Personally, I’ve realized I admire myself for being consistent with friends I show up when I say I will. It sounds small, but it’s a quality I deeply value. When you take time to notice your own qualities, you stop waiting for other people to “see” you, because you already see yourself.
4. Admire yourself for your achievements
Achievements don’t always have to be huge. We love to celebrate degrees, promotions, or dream milestones but everyday achievements matter just as much. Did you show up to work every day this week? Did you finally clean your room after procrastinating for days? Did you finish that book you’ve been dragging through? All of those count.
Achievements are proof that you can set a goal and follow through, and that builds admiration for yourself.
But here’s the tricky part: if we only rely on external validation (like grades, likes, or compliments), our self-respect will always feel shaky. That’s why it’s important to build internal validation systems. This means learning to celebrate your achievements privately, without needing everyone else to clap for you.
I’ll be writing more on this in a post called “How to Build Validation for Yourself,” but for now, think about this: what if you could feel proud of something just because you decided it mattered? That’s self-respect.
5. Have due regard for your own feelings, wishes, and rights
This part of the definition of respect often gets ignored, but it’s probably the most important.
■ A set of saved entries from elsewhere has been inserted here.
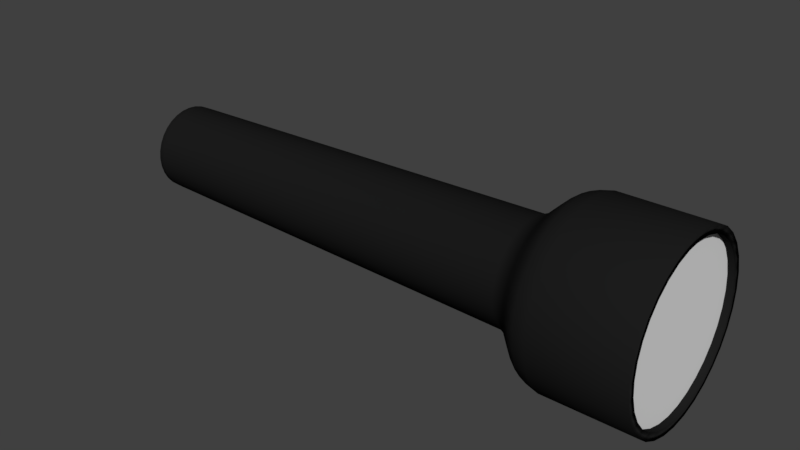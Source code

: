 # Source: FlashLight.blend  (saved by Blender 2.79.0; exported with 4.5.12 LTS)
import bpy
from mathutils import Matrix  # noqa: F401  (used for matrix-valued properties, if any)

bpy.ops.wm.read_factory_settings(use_empty=True)
scene = bpy.context.scene
scene.name = 'Scene'

# ---- collections
col_collection_1 = bpy.data.collections.new('Collection 1'); scene.collection.children.link(col_collection_1)

# ---- materials (node trees are filled in below, after node groups)
mat_base = bpy.data.materials.new('base')
mat_base.alpha_threshold = 0.0
mat_base.use_transparent_shadow = False
mat_base.diffuse_color = (0.01222, 0.01222, 0.01222, 1.0)
mat_base.roughness = 0.5
mat_light = bpy.data.materials.new('light')
mat_light.alpha_threshold = 0.0
mat_light.use_transparent_shadow = False
mat_light.roughness = 0.5

# ---- material node trees

# ---- world
world_world = bpy.data.worlds.new('World'); scene.world = world_world
world_world.color = (0.05088, 0.05088, 0.05088)
world_world.use_sun_shadow = False
world_world.sun_shadow_jitter_overblur = 0.0
world_world.cycles.sampling_method = 'MANUAL'

# ---- meshes
me_cylinder = bpy.data.meshes.new('Cylinder')
me_cylinder.from_pydata([(1.997e-08, 0.8318, -1.0), (0.0, 1.0, 1.0), (0.1623, 0.8159, -1.0), (0.1951, 0.9808, 1.0), (0.3183, 0.7685, -1.0), (0.3827, 0.9239, 1.0), (0.4621, 0.6916, -1.0), (0.5556, 0.8315, 1.0), (0.5882, 0.5882, -1.0), (0.7071, 0.7071, 1.0), (0.6916, 0.4621, -1.0), (0.8315, 0.5556, 1.0), (0.7685, 0.3183, -1.0), (0.9239, 0.3827, 1.0), (0.8159, 0.1623, -1.0), (0.9808, 0.1951, 1.0), (0.8318, 1.107e-07, -1.0), (1.0, 7.55e-08, 1.0), (0.8159, -0.1623, -1.0), (0.9808, -0.1951, 1.0), (0.7685, -0.3183, -1.0), (0.9239, -0.3827, 1.0), (0.6916, -0.4621, -1.0), (0.8315, -0.5556, 1.0), (0.5882, -0.5882, -1.0), (0.7071, -0.7071, 1.0), (0.4621, -0.6916, -1.0), (0.5556, -0.8315, 1.0), (0.3183, -0.7685, -1.0), (0.3827, -0.9239, 1.0), (0.1623, -0.8159, -1.0), (0.1951, -0.9808, 1.0), (-2.511e-07, -0.8318, -1.0), (-3.258e-07, -1.0, 1.0), (-0.1623, -0.8159, -1.0), (-0.1951, -0.9808, 1.0), (-0.3183, -0.7685, -1.0), (-0.3827, -0.9239, 1.0), (-0.4621, -0.6916, -1.0), (-0.5556, -0.8315, 1.0), (-0.5882, -0.5882, -1.0), (-0.7071, -0.7071, 1.0), (-0.6916, -0.4621, -1.0), (-0.8315, -0.5556, 1.0), (-0.7685, -0.3183, -1.0), (-0.9239, -0.3827, 1.0), (-0.8159, -0.1623, -1.0), (-0.9808, -0.1951, 1.0), (-0.8318, 8.511e-07, -1.0), (-1.0, 9.656e-07, 1.0), (-0.8159, 0.1623, -1.0), (-0.9808, 0.1951, 1.0), (-0.7685, 0.3183, -1.0), (-0.9239, 0.3827, 1.0), (-0.6916, 0.4621, -1.0), (-0.8315, 0.5556, 1.0), (-0.5882, 0.5882, -1.0), (-0.7071, 0.7071, 1.0), (-0.4621, 0.6916, -1.0), (-0.5556, 0.8315, 1.0), (-0.3183, 0.7685, -1.0), (-0.3827, 0.9239, 1.0), (-0.1623, 0.8159, -1.0), (-0.1951, 0.9808, 1.0), (0.216, 1.086, 1.056), (-6.839e-08, 1.107, 1.056), (0.4236, 1.023, 1.056), (0.615, 0.9205, 1.056), (0.7828, 0.7828, 1.056), (0.9205, 0.615, 1.056), (1.023, 0.4236, 1.056), (1.086, 0.216, 1.056), (1.107, 5.308e-08, 1.056), (1.086, -0.216, 1.056), (1.023, -0.4236, 1.056), (0.9205, -0.615, 1.056), (0.7828, -0.7828, 1.056), (0.615, -0.9205, 1.056), (0.4236, -1.023, 1.056), (0.216, -1.086, 1.056), (-4.291e-07, -1.107, 1.056), (-0.216, -1.086, 1.056), (-0.4236, -1.023, 1.056), (-0.615, -0.9205, 1.056), (-0.7828, -0.7828, 1.056), (-0.9205, -0.615, 1.056), (-1.023, -0.4236, 1.056), (-1.086, -0.216, 1.056), (-1.107, 1.038e-06, 1.056), (-1.086, 0.216, 1.056), (-1.023, 0.4236, 1.056), (-0.9205, 0.615, 1.056), (-0.7828, 0.7828, 1.056), (-0.615, 0.9205, 1.056), (-0.4236, 1.023, 1.056), (-0.216, 1.086, 1.056), (0.2498, 1.256, 1.099), (-9.148e-08, 1.281, 1.099), (0.4901, 1.183, 1.099), (0.7115, 1.065, 1.099), (0.9055, 0.9055, 1.099), (1.065, 0.7114, 1.099), (1.183, 0.4901, 1.099), (1.256, 0.2498, 1.099), (1.281, 1.76e-08, 1.099), (1.256, -0.2498, 1.099), (1.183, -0.4901, 1.099), (1.065, -0.7115, 1.099), (0.9055, -0.9055, 1.099), (0.7114, -1.065, 1.099), (0.4901, -1.183, 1.099), (0.2498, -1.256, 1.099), (-5.087e-07, -1.281, 1.099), (-0.2498, -1.256, 1.099), (-0.4901, -1.183, 1.099), (-0.7115, -1.065, 1.099), (-0.9055, -0.9055, 1.099), (-1.065, -0.7114, 1.099), (-1.183, -0.4901, 1.099), (-1.256, -0.2498, 1.099), (-1.281, 1.157e-06, 1.099), (-1.256, 0.2498, 1.099), (-1.183, 0.4901, 1.099), (-1.065, 0.7115, 1.099), (-0.9055, 0.9055, 1.099), (-0.7114, 1.065, 1.099), (-0.4901, 1.183, 1.099), (-0.2498, 1.256, 1.099), (0.2733, 1.374, 1.129), (-7.854e-08, 1.401, 1.129), (0.5361, 1.294, 1.129), (0.7783, 1.165, 1.129), (0.9906, 0.9906, 1.129), (1.165, 0.7783, 1.129), (1.294, 0.5361, 1.129), (1.374, 0.2733, 1.129), (1.401, -6.659e-09, 1.129), (1.374, -0.2733, 1.129), (1.294, -0.5361, 1.129), (1.165, -0.7783, 1.129), (0.9906, -0.9906, 1.129), (0.7783, -1.165, 1.129), (0.5361, -1.294, 1.129), (0.2733, -1.374, 1.129), (-5.35e-07, -1.401, 1.129), (-0.2733, -1.374, 1.129), (-0.5361, -1.294, 1.129), (-0.7783, -1.165, 1.129), (-0.9906, -0.9906, 1.129), (-1.165, -0.7783, 1.129), (-1.294, -0.5361, 1.129), (-1.374, -0.2733, 1.129), (-1.401, 1.24e-06, 1.129), (-1.374, 0.2733, 1.129), (-1.294, 0.5361, 1.129), (-1.165, 0.7783, 1.129), (-0.9906, 0.9906, 1.129), (-0.7783, 1.165, 1.129), (-0.5361, 1.294, 1.129), (-0.2733, 1.374, 1.129), (0.3027, 1.522, 1.168), (-1.04e-07, 1.552, 1.168), (0.5938, 1.434, 1.168), (0.8621, 1.29, 1.168), (1.097, 1.097, 1.168), (1.29, 0.8621, 1.168), (1.434, 0.5938, 1.168), (1.522, 0.3027, 1.168), (1.552, -3.865e-08, 1.168), (1.522, -0.3027, 1.168), (1.434, -0.5938, 1.168), (1.29, -0.8621, 1.168), (1.097, -1.097, 1.168), (0.8621, -1.29, 1.168), (0.5938, -1.434, 1.168), (0.3027, -1.522, 1.168), (-6.096e-07, -1.552, 1.168), (-0.3027, -1.522, 1.168), (-0.5938, -1.434, 1.168), (-0.8621, -1.29, 1.168), (-1.097, -1.097, 1.168), (-1.29, -0.8621, 1.168), (-1.434, -0.5938, 1.168), (-1.522, -0.3027, 1.168), (-1.552, 1.343e-06, 1.168), (-1.522, 0.3027, 1.168), (-1.434, 0.5938, 1.168), (-1.29, 0.8621, 1.168), (-1.097, 1.097, 1.168), (-0.8621, 1.29, 1.168), (-0.5938, 1.434, 1.168), (-0.3027, 1.522, 1.168), (0.317, 1.594, 1.2), (-1.086e-07, 1.625, 1.2), (0.6218, 1.501, 1.2), (0.9027, 1.351, 1.2), (1.149, 1.149, 1.2), (1.351, 0.9027, 1.2), (1.501, 0.6218, 1.2), (1.594, 0.317, 1.2), (1.625, -5.274e-08, 1.2), (1.594, -0.317, 1.2), (1.501, -0.6218, 1.2), (1.351, -0.9027, 1.2), (1.149, -1.149, 1.2), (0.9027, -1.351, 1.2), (0.6218, -1.501, 1.2), (0.317, -1.594, 1.2), (-6.38e-07, -1.625, 1.2), (-0.317, -1.594, 1.2), (-0.6218, -1.501, 1.2), (-0.9027, -1.351, 1.2), (-1.149, -1.149, 1.2), (-1.351, -0.9027, 1.2), (-1.501, -0.6218, 1.2), (-1.594, -0.317, 1.2), (-1.625, 1.393e-06, 1.2), (-1.594, 0.317, 1.2), (-1.501, 0.6218, 1.2), (-1.351, 0.9027, 1.2), (-1.149, 1.149, 1.2), (-0.9027, 1.351, 1.2), (-0.6218, 1.501, 1.2), (-0.317, 1.594, 1.2), (0.3292, 1.655, 1.263), (-9.029e-08, 1.687, 1.263), (0.6457, 1.559, 1.263), (0.9374, 1.403, 1.263), (1.193, 1.193, 1.263), (1.403, 0.9374, 1.263), (1.559, 0.6457, 1.263), (1.655, 0.3292, 1.263), (1.687, -6.452e-08, 1.263), (1.655, -0.3292, 1.263), (1.559, -0.6457, 1.263), (1.403, -0.9374, 1.263), (1.193, -1.193, 1.263), (0.9374, -1.403, 1.263), (0.6457, -1.559, 1.263), (0.3292, -1.655, 1.263), (-6.401e-07, -1.687, 1.263), (-0.3292, -1.655, 1.263), (-0.6457, -1.559, 1.263), (-0.9374, -1.403, 1.263), (-1.193, -1.193, 1.263), (-1.403, -0.9374, 1.263), (-1.559, -0.6457, 1.263), (-1.655, -0.3292, 1.263), (-1.687, 1.437e-06, 1.263), (-1.655, 0.3292, 1.263), (-1.559, 0.6457, 1.263), (-1.403, 0.9374, 1.263), (-1.193, 1.193, 1.263), (-0.9374, 1.403, 1.263), (-0.6457, 1.559, 1.263), (-0.3292, 1.655, 1.263), (0.3292, 1.655, 1.693), (2.329e-07, 1.687, 1.693), (0.6457, 1.559, 1.693), (0.9374, 1.403, 1.693), (1.193, 1.193, 1.693), (1.403, 0.9374, 1.693), (1.559, 0.6457, 1.693), (1.655, 0.3292, 1.693), (1.687, -6.452e-08, 1.693), (1.655, -0.3292, 1.693), (1.559, -0.6457, 1.693), (1.403, -0.9374, 1.693), (1.193, -1.193, 1.693), (0.9374, -1.403, 1.693), (0.6457, -1.559, 1.693), (0.3292, -1.655, 1.693), (-3.169e-07, -1.687, 1.693), (-0.3292, -1.655, 1.693), (-0.6457, -1.559, 1.693), (-0.9374, -1.403, 1.693), (-1.193, -1.193, 1.693), (-1.403, -0.9374, 1.693), (-1.559, -0.6457, 1.693), (-1.655, -0.3292, 1.693), (-1.687, 1.437e-06, 1.693), (-1.655, 0.3292, 1.693), (-1.559, 0.6457, 1.693), (-1.403, 0.9374, 1.693), (-1.193, 1.193, 1.693), (-0.9374, 1.403, 1.693), (-0.6457, 1.559, 1.693), (-0.3292, 1.655, 1.693), (0.2998, 1.507, 1.693), (2.529e-07, 1.537, 1.693), (0.5881, 1.42, 1.693), (0.8537, 1.278, 1.693), (1.087, 1.087, 1.693), (1.278, 0.8537, 1.693), (1.42, 0.5881, 1.693), (1.507, 0.2998, 1.693), (1.537, -3.216e-08, 1.693), (1.507, -0.2998, 1.693), (1.42, -0.5881, 1.693), (1.278, -0.8537, 1.693), (1.087, -1.087, 1.693), (0.8537, -1.278, 1.693), (0.5881, -1.42, 1.693), (0.2998, -1.507, 1.693), (-2.478e-07, -1.537, 1.693), (-0.2998, -1.507, 1.693), (-0.5881, -1.42, 1.693), (-0.8537, -1.278, 1.693), (-1.087, -1.087, 1.693), (-1.278, -0.8537, 1.693), (-1.42, -0.5881, 1.693), (-1.507, -0.2998, 1.693), (-1.537, 1.336e-06, 1.693), (-1.507, 0.2998, 1.693), (-1.42, 0.5881, 1.693), (-1.278, 0.8537, 1.693), (-1.087, 1.087, 1.693), (-0.8537, 1.278, 1.693), (-0.588, 1.42, 1.693), (-0.2998, 1.507, 1.693), (0.2998, 1.507, 1.664), (2.794e-07, 1.537, 1.664), (0.5881, 1.42, 1.664), (0.8537, 1.278, 1.664), (1.087, 1.087, 1.664), (1.278, 0.8537, 1.664), (1.42, 0.5881, 1.664), (1.507, 0.2998, 1.664), (1.537, -3.216e-08, 1.664), (1.507, -0.2998, 1.664), (1.42, -0.5881, 1.664), (1.278, -0.8537, 1.664), (1.087, -1.087, 1.664), (0.8537, -1.278, 1.664), (0.5881, -1.42, 1.664), (0.2998, -1.507, 1.664), (-2.213e-07, -1.537, 1.664), (-0.2998, -1.507, 1.664), (-0.5881, -1.42, 1.664), (-0.8537, -1.278, 1.664), (-1.087, -1.087, 1.664), (-1.278, -0.8537, 1.664), (-1.42, -0.5881, 1.664), (-1.507, -0.2998, 1.664), (-1.537, 1.336e-06, 1.664), (-1.507, 0.2998, 1.664), (-1.42, 0.5881, 1.664), (-1.278, 0.8537, 1.664), (-1.087, 1.087, 1.664), (-0.8537, 1.278, 1.664), (-0.588, 1.42, 1.664), (-0.2998, 1.507, 1.664), (1.197e-08, 0.8252, -1.029), (0.161, 0.8093, -1.029), (0.3158, 0.7624, -1.029), (0.4585, 0.6861, -1.029), (0.5835, 0.5835, -1.029), (0.6861, 0.4585, -1.029), (0.7624, 0.3158, -1.029), (0.8093, 0.161, -1.029), (0.8252, 1.121e-07, -1.029), (0.8093, -0.161, -1.029), (0.7624, -0.3158, -1.029), (0.6861, -0.4585, -1.029), (0.5835, -0.5835, -1.029), (0.4585, -0.6861, -1.029), (0.3158, -0.7624, -1.029), (0.161, -0.8093, -1.029), (-2.569e-07, -0.8252, -1.029), (-0.161, -0.8093, -1.029), (-0.3158, -0.7624, -1.029), (-0.4585, -0.6861, -1.029), (-0.5835, -0.5835, -1.029), (-0.6861, -0.4585, -1.029), (-0.7624, -0.3158, -1.029), (-0.8093, -0.161, -1.029), (-0.8252, 8.466e-07, -1.029), (-0.8093, 0.161, -1.029), (-0.7624, 0.3158, -1.029), (-0.6861, 0.4585, -1.029), (-0.5835, 0.5835, -1.029), (-0.4585, 0.6861, -1.029), (-0.3158, 0.7624, -1.029), (-0.161, 0.8093, -1.029)], [], [(0, 1, 3, 2), (2, 3, 5, 4), (4, 5, 7, 6), (6, 7, 9, 8), (8, 9, 11, 10), (10, 11, 13, 12), (12, 13, 15, 14), (14, 15, 17, 16), (16, 17, 19, 18), (18, 19, 21, 20), (20, 21, 23, 22), (22, 23, 25, 24), (24, 25, 27, 26), (26, 27, 29, 28), (28, 29, 31, 30), (30, 31, 33, 32), (32, 33, 35, 34), (34, 35, 37, 36), (36, 37, 39, 38), (38, 39, 41, 40), (40, 41, 43, 42), (42, 43, 45, 44), (44, 45, 47, 46), (46, 47, 49, 48), (48, 49, 51, 50), (50, 51, 53, 52), (52, 53, 55, 54), (54, 55, 57, 56), (56, 57, 59, 58), (58, 59, 61, 60), (11, 9, 68, 69), (60, 61, 63, 62), (62, 63, 1, 0), (2, 4, 354, 353), (90, 89, 121, 122), (29, 27, 77, 78), (47, 45, 86, 87), (3, 1, 65, 64), (1, 63, 95, 65), (21, 19, 73, 74), (39, 37, 82, 83), (57, 55, 91, 92), (13, 11, 69, 70), (31, 29, 78, 79), (49, 47, 87, 88), (5, 3, 64, 66), (23, 21, 74, 75), (41, 39, 83, 84), (59, 57, 92, 93), (15, 13, 70, 71), (33, 31, 79, 80), (51, 49, 88, 89), (7, 5, 66, 67), (25, 23, 75, 76), (43, 41, 84, 85), (61, 59, 93, 94), (17, 15, 71, 72), (35, 33, 80, 81), (53, 51, 89, 90), (9, 7, 67, 68), (27, 25, 76, 77), (45, 43, 85, 86), (63, 61, 94, 95), (19, 17, 72, 73), (37, 35, 81, 82), (55, 53, 90, 91), (98, 96, 128, 130), (77, 76, 108, 109), (91, 90, 122, 123), (78, 77, 109, 110), (64, 65, 97, 96), (92, 91, 123, 124), (79, 78, 110, 111), (66, 64, 96, 98), (93, 92, 124, 125), (80, 79, 111, 112), (67, 66, 98, 99), (94, 93, 125, 126), (81, 80, 112, 113), (68, 67, 99, 100), (95, 94, 126, 127), (82, 81, 113, 114), (69, 68, 100, 101), (65, 95, 127, 97), (83, 82, 114, 115), (70, 69, 101, 102), (84, 83, 115, 116), (71, 70, 102, 103), (85, 84, 116, 117), (72, 71, 103, 104), (86, 85, 117, 118), (73, 72, 104, 105), (87, 86, 118, 119), (74, 73, 105, 106), (88, 87, 119, 120), (75, 74, 106, 107), (89, 88, 120, 121), (76, 75, 107, 108), (133, 132, 164, 165), (125, 124, 156, 157), (112, 111, 143, 144), (99, 98, 130, 131), (126, 125, 157, 158), (113, 112, 144, 145), (100, 99, 131, 132), (127, 126, 158, 159), (114, 113, 145, 146), (101, 100, 132, 133), (97, 127, 159, 129), (115, 114, 146, 147), (102, 101, 133, 134), (116, 115, 147, 148), (103, 102, 134, 135), (117, 116, 148, 149), (104, 103, 135, 136), (118, 117, 149, 150), (105, 104, 136, 137), (119, 118, 150, 151), (106, 105, 137, 138), (120, 119, 151, 152), (107, 106, 138, 139), (121, 120, 152, 153), (108, 107, 139, 140), (122, 121, 153, 154), (109, 108, 140, 141), (123, 122, 154, 155), (110, 109, 141, 142), (96, 97, 129, 128), (124, 123, 155, 156), (111, 110, 142, 143), (168, 167, 199, 200), (129, 159, 191, 161), (147, 146, 178, 179), (134, 133, 165, 166), (148, 147, 179, 180), (135, 134, 166, 167), (149, 148, 180, 181), (136, 135, 167, 168), (150, 149, 181, 182), (137, 136, 168, 169), (151, 150, 182, 183), (138, 137, 169, 170), (152, 151, 183, 184), (139, 138, 170, 171), (153, 152, 184, 185), (140, 139, 171, 172), (154, 153, 185, 186), (141, 140, 172, 173), (155, 154, 186, 187), (142, 141, 173, 174), (128, 129, 161, 160), (156, 155, 187, 188), (143, 142, 174, 175), (130, 128, 160, 162), (157, 156, 188, 189), (144, 143, 175, 176), (131, 130, 162, 163), (158, 157, 189, 190), (145, 144, 176, 177), (132, 131, 163, 164), (159, 158, 190, 191), (146, 145, 177, 178), (203, 202, 234, 235), (182, 181, 213, 214), (169, 168, 200, 201), (183, 182, 214, 215), (170, 169, 201, 202), (184, 183, 215, 216), (171, 170, 202, 203), (185, 184, 216, 217), (172, 171, 203, 204), (186, 185, 217, 218), (173, 172, 204, 205), (187, 186, 218, 219), (174, 173, 205, 206), (160, 161, 193, 192), (188, 187, 219, 220), (175, 174, 206, 207), (162, 160, 192, 194), (189, 188, 220, 221), (176, 175, 207, 208), (163, 162, 194, 195), (190, 189, 221, 222), (177, 176, 208, 209), (164, 163, 195, 196), (191, 190, 222, 223), (178, 177, 209, 210), (165, 164, 196, 197), (161, 191, 223, 193), (179, 178, 210, 211), (166, 165, 197, 198), (180, 179, 211, 212), (167, 166, 198, 199), (181, 180, 212, 213), (238, 237, 269, 270), (217, 216, 248, 249), (204, 203, 235, 236), (218, 217, 249, 250), (205, 204, 236, 237), (219, 218, 250, 251), (206, 205, 237, 238), (192, 193, 225, 224), (220, 219, 251, 252), (207, 206, 238, 239), (194, 192, 224, 226), (221, 220, 252, 253), (208, 207, 239, 240), (195, 194, 226, 227), (222, 221, 253, 254), (209, 208, 240, 241), (196, 195, 227, 228), (223, 222, 254, 255), (210, 209, 241, 242), (197, 196, 228, 229), (193, 223, 255, 225), (211, 210, 242, 243), (198, 197, 229, 230), (212, 211, 243, 244), (199, 198, 230, 231), (213, 212, 244, 245), (200, 199, 231, 232), (214, 213, 245, 246), (201, 200, 232, 233), (215, 214, 246, 247), (202, 201, 233, 234), (216, 215, 247, 248), (276, 275, 307, 308), (224, 225, 257, 256), (252, 251, 283, 284), (239, 238, 270, 271), (226, 224, 256, 258), (253, 252, 284, 285), (240, 239, 271, 272), (227, 226, 258, 259), (254, 253, 285, 286), (241, 240, 272, 273), (228, 227, 259, 260), (255, 254, 286, 287), (242, 241, 273, 274), (229, 228, 260, 261), (225, 255, 287, 257), (243, 242, 274, 275), (230, 229, 261, 262), (244, 243, 275, 276), (231, 230, 262, 263), (245, 244, 276, 277), (232, 231, 263, 264), (246, 245, 277, 278), (233, 232, 264, 265), (247, 246, 278, 279), (234, 233, 265, 266), (248, 247, 279, 280), (235, 234, 266, 267), (249, 248, 280, 281), (236, 235, 267, 268), (250, 249, 281, 282), (237, 236, 268, 269), (251, 250, 282, 283), (311, 310, 342, 343), (263, 262, 294, 295), (277, 276, 308, 309), (264, 263, 295, 296), (278, 277, 309, 310), (265, 264, 296, 297), (279, 278, 310, 311), (266, 265, 297, 298), (280, 279, 311, 312), (267, 266, 298, 299), (281, 280, 312, 313), (268, 267, 299, 300), (282, 281, 313, 314), (269, 268, 300, 301), (283, 282, 314, 315), (270, 269, 301, 302), (256, 257, 289, 288), (284, 283, 315, 316), (271, 270, 302, 303), (258, 256, 288, 290), (285, 284, 316, 317), (272, 271, 303, 304), (259, 258, 290, 291), (286, 285, 317, 318), (273, 272, 304, 305), (260, 259, 291, 292), (287, 286, 318, 319), (274, 273, 305, 306), (261, 260, 292, 293), (257, 287, 319, 289), (275, 274, 306, 307), (262, 261, 293, 294), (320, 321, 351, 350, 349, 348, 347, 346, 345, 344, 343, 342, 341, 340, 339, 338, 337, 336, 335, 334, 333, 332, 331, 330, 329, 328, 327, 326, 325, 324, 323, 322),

To respect yourself, you have to act like your feelings, wishes, and rights actually matter.
That looks like:
- Holding space for yourself. Sometimes it’s about giving yourself permission to rest, always take a shower everyday, and dress up just for yourself. Self-care isn’t selfish, it’s proof that you value your own well-being.
- Being stern with yourself. Self-respect isn’t all soft baths and affirmations. Sometimes it’s doing the hard thing when you don’t feel like it……like studying, exercising, saving money instead of splurging. I like to think of this as “tough love.” Part of self respect is locking in on a goal, no matter how unmotivated you feel.
- Avoiding what drains you. I’ll be honest: I recently uninstalled TikTok and Instagram because every time I scrolled, I felt so drained and wasted. Respecting myself meant choosing not to keep doing something that consistently left me feeling low.
- Practicing an internal locus of control. Instead of blaming the world for everything, take responsibility for your choices. When you focus on what you can do, you start to feel in control of your life, and that builds deep respect for yourself.
At the end of the day, having due regard for yourself is about treating yourself like someone worthy of dignity and consistency. If you wouldn’t disrespect your best friend, why would you disrespect yourself?
Conclusion
Practicing self-respect in your 20s isn’t about getting it “perfect.” It’s about slowly building habits of admiration and care for yourself. Admire your beauty on your own terms. Strengthen your abilities. Recognize your qualities. Celebrate your achievements. And always, always treat your own feelings and rights like they matter.
We’re still learning, and that’s okay. Self-respect is a practice a daily decision to put yourself on your own pedestal. And honestly? That’s the foundation for everything else.